Personal information
- Nationality: Finnish
- Full name: Timo Aulis Rautiainen
- Born: 13 November 1964 (age 61) Espoo, Finland

World Rally Championship record
- Active years: 1990, 1995–2007, 2009–2010, 2019
- Driver: Marcus Grönholm
- Teams: Toyota, Peugeot, Ford
- Rallies: 145
- Championships: 2 (2000, 2002)
- Rally wins: 30
- Podiums: 61
- Stage wins: 540
- First rally: 1990 1000 Lakes Rally
- First win: 2000 Swedish Rally
- Last win: 2007 Rally New Zealand
- Last rally: 2019 Rally Sweden

= Timo Rautiainen (co-driver) =

Finnish rally co-driver (born 1964)

Timo Aulis Rautiainen (born 13 November 1964) is a Finnish former rally co-driver. He is best known for co-driving for Marcus Grönholm from 1995 to 2007. Rautiainen and Grönholm drove for Peugeot (2000-05) and Ford (2006-07) in the World Rally Championship, and won 30 world rallies and two drivers' world championship titles together. Rautiainen is married to Grönholm's sister.

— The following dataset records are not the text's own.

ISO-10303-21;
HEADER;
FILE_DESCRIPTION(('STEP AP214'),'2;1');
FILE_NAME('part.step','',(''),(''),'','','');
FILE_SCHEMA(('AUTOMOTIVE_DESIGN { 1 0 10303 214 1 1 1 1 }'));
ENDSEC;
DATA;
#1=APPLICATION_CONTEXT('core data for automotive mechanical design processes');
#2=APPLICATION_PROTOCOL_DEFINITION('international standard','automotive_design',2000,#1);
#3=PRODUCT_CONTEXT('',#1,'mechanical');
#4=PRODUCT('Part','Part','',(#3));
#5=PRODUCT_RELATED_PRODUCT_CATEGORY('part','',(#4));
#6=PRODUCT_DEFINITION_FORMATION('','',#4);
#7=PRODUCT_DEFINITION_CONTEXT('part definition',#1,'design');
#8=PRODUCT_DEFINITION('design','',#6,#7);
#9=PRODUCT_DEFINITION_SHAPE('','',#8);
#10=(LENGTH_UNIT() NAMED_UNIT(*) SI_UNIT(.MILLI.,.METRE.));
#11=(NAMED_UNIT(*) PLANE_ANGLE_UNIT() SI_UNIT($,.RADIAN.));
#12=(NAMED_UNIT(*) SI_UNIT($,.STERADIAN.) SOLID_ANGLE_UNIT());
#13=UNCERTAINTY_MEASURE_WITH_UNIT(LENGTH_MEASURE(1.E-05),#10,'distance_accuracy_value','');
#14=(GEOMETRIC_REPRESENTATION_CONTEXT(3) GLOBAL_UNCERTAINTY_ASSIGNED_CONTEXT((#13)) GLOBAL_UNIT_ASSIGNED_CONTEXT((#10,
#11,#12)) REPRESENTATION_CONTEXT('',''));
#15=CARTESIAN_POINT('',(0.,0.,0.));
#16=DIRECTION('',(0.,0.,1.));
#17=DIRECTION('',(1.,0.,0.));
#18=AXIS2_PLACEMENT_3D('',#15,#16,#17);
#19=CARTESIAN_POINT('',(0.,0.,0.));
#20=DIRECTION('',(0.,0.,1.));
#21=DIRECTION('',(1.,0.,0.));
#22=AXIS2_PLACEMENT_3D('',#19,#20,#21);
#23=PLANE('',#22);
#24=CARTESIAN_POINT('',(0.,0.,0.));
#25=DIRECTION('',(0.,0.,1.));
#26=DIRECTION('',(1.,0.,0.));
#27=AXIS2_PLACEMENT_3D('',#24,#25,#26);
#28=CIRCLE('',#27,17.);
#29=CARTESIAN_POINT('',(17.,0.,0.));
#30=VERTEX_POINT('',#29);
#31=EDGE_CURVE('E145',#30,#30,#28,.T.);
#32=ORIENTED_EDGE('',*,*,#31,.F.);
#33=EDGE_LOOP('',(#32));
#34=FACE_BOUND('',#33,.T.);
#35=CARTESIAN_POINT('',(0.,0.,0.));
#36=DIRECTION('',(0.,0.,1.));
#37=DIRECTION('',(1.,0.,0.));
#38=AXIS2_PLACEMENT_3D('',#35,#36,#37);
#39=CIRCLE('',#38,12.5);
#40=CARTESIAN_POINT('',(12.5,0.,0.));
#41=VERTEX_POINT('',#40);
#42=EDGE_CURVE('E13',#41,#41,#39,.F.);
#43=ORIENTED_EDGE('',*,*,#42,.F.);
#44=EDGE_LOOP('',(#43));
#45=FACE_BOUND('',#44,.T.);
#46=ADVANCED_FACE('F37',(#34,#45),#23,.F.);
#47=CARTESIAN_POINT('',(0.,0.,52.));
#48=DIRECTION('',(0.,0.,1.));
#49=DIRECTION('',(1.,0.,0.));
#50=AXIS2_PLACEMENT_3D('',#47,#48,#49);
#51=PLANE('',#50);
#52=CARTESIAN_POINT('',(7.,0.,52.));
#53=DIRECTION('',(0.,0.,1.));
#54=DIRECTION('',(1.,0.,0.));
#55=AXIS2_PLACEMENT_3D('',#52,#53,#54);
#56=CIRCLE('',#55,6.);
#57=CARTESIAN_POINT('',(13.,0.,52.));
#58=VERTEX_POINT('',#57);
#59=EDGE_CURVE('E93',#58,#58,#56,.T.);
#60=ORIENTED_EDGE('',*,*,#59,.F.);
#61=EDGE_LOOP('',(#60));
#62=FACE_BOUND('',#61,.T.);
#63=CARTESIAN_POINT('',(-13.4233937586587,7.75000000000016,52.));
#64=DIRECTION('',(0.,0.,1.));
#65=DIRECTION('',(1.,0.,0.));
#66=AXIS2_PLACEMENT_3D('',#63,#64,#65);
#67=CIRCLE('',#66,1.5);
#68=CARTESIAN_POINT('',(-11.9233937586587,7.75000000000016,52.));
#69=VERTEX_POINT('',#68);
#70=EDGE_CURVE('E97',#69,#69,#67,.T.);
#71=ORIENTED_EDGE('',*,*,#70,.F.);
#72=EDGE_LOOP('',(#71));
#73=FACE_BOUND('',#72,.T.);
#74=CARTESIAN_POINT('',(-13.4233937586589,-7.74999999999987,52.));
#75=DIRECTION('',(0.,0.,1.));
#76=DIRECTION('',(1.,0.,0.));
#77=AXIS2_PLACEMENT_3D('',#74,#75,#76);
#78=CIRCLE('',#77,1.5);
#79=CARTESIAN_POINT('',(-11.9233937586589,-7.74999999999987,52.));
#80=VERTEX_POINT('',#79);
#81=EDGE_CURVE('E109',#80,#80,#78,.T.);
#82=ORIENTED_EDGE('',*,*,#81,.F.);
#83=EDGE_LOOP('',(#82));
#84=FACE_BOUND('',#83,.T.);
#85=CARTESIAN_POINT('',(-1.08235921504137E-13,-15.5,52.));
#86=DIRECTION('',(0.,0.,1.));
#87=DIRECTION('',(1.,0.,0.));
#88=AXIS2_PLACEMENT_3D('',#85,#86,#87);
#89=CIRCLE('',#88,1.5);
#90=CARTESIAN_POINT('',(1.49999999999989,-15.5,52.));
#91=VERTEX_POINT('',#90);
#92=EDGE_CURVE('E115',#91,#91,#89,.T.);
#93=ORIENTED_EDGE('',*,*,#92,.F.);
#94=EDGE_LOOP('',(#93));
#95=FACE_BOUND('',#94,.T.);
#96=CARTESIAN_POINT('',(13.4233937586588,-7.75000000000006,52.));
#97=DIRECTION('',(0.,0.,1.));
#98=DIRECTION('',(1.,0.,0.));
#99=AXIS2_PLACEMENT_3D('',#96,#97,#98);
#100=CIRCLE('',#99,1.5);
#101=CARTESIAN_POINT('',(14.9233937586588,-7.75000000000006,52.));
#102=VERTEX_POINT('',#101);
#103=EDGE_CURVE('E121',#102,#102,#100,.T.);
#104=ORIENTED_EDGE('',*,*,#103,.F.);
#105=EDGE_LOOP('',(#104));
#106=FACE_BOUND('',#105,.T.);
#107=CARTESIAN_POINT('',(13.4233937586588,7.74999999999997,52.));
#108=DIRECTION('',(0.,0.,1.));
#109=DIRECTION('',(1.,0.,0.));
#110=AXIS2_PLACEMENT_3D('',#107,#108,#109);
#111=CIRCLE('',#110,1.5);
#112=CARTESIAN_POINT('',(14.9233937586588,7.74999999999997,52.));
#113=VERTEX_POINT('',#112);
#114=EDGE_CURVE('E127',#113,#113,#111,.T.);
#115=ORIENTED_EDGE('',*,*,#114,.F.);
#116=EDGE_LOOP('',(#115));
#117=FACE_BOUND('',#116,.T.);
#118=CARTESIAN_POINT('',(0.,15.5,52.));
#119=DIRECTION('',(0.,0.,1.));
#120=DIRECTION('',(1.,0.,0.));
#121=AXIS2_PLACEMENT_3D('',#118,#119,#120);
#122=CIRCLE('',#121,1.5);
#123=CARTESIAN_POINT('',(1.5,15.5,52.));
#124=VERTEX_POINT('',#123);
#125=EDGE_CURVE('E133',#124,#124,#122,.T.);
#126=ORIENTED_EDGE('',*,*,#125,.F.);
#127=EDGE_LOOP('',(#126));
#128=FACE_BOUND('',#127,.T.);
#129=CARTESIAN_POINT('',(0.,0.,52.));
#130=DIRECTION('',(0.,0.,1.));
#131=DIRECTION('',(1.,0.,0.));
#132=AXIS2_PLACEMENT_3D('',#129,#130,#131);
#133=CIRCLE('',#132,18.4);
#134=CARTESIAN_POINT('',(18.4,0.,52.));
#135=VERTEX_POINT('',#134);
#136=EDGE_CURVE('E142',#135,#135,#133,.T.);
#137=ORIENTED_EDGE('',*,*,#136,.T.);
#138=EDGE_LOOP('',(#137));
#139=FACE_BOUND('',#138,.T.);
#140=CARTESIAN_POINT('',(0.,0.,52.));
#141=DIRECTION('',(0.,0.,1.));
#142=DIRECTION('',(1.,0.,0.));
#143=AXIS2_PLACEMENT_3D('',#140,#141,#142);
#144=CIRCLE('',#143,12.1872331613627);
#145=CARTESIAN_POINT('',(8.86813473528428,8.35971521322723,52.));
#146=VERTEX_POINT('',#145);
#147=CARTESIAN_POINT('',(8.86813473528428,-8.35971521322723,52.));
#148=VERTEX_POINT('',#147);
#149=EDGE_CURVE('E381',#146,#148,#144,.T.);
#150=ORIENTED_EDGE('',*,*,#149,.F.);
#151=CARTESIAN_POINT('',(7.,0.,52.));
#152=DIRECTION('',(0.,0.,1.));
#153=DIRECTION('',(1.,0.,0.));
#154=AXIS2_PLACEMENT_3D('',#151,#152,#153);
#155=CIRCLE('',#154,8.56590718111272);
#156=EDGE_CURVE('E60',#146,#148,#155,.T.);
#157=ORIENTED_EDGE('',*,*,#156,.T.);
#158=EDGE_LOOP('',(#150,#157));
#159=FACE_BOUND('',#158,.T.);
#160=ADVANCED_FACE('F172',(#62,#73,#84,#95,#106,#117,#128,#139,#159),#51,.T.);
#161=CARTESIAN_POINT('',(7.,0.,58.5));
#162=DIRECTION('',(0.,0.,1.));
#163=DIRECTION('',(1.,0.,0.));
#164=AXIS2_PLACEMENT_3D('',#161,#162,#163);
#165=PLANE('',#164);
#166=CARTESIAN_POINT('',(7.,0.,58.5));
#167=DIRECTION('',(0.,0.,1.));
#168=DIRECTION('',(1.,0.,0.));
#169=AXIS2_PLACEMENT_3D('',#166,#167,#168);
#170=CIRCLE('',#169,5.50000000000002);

During his time with Grönholm at Peugeot, Rautiainen received an unusual injury during the 2004 edition of the Rally of Turkey when a loose metal rod from the track punctured his seat after Grönholm ran over it. The rod remained lodged for part of the remainder of the rally.

Rautiainen, along with Grönholm, appeared in the first season of Amazing Race Suomi where they finished fifth place.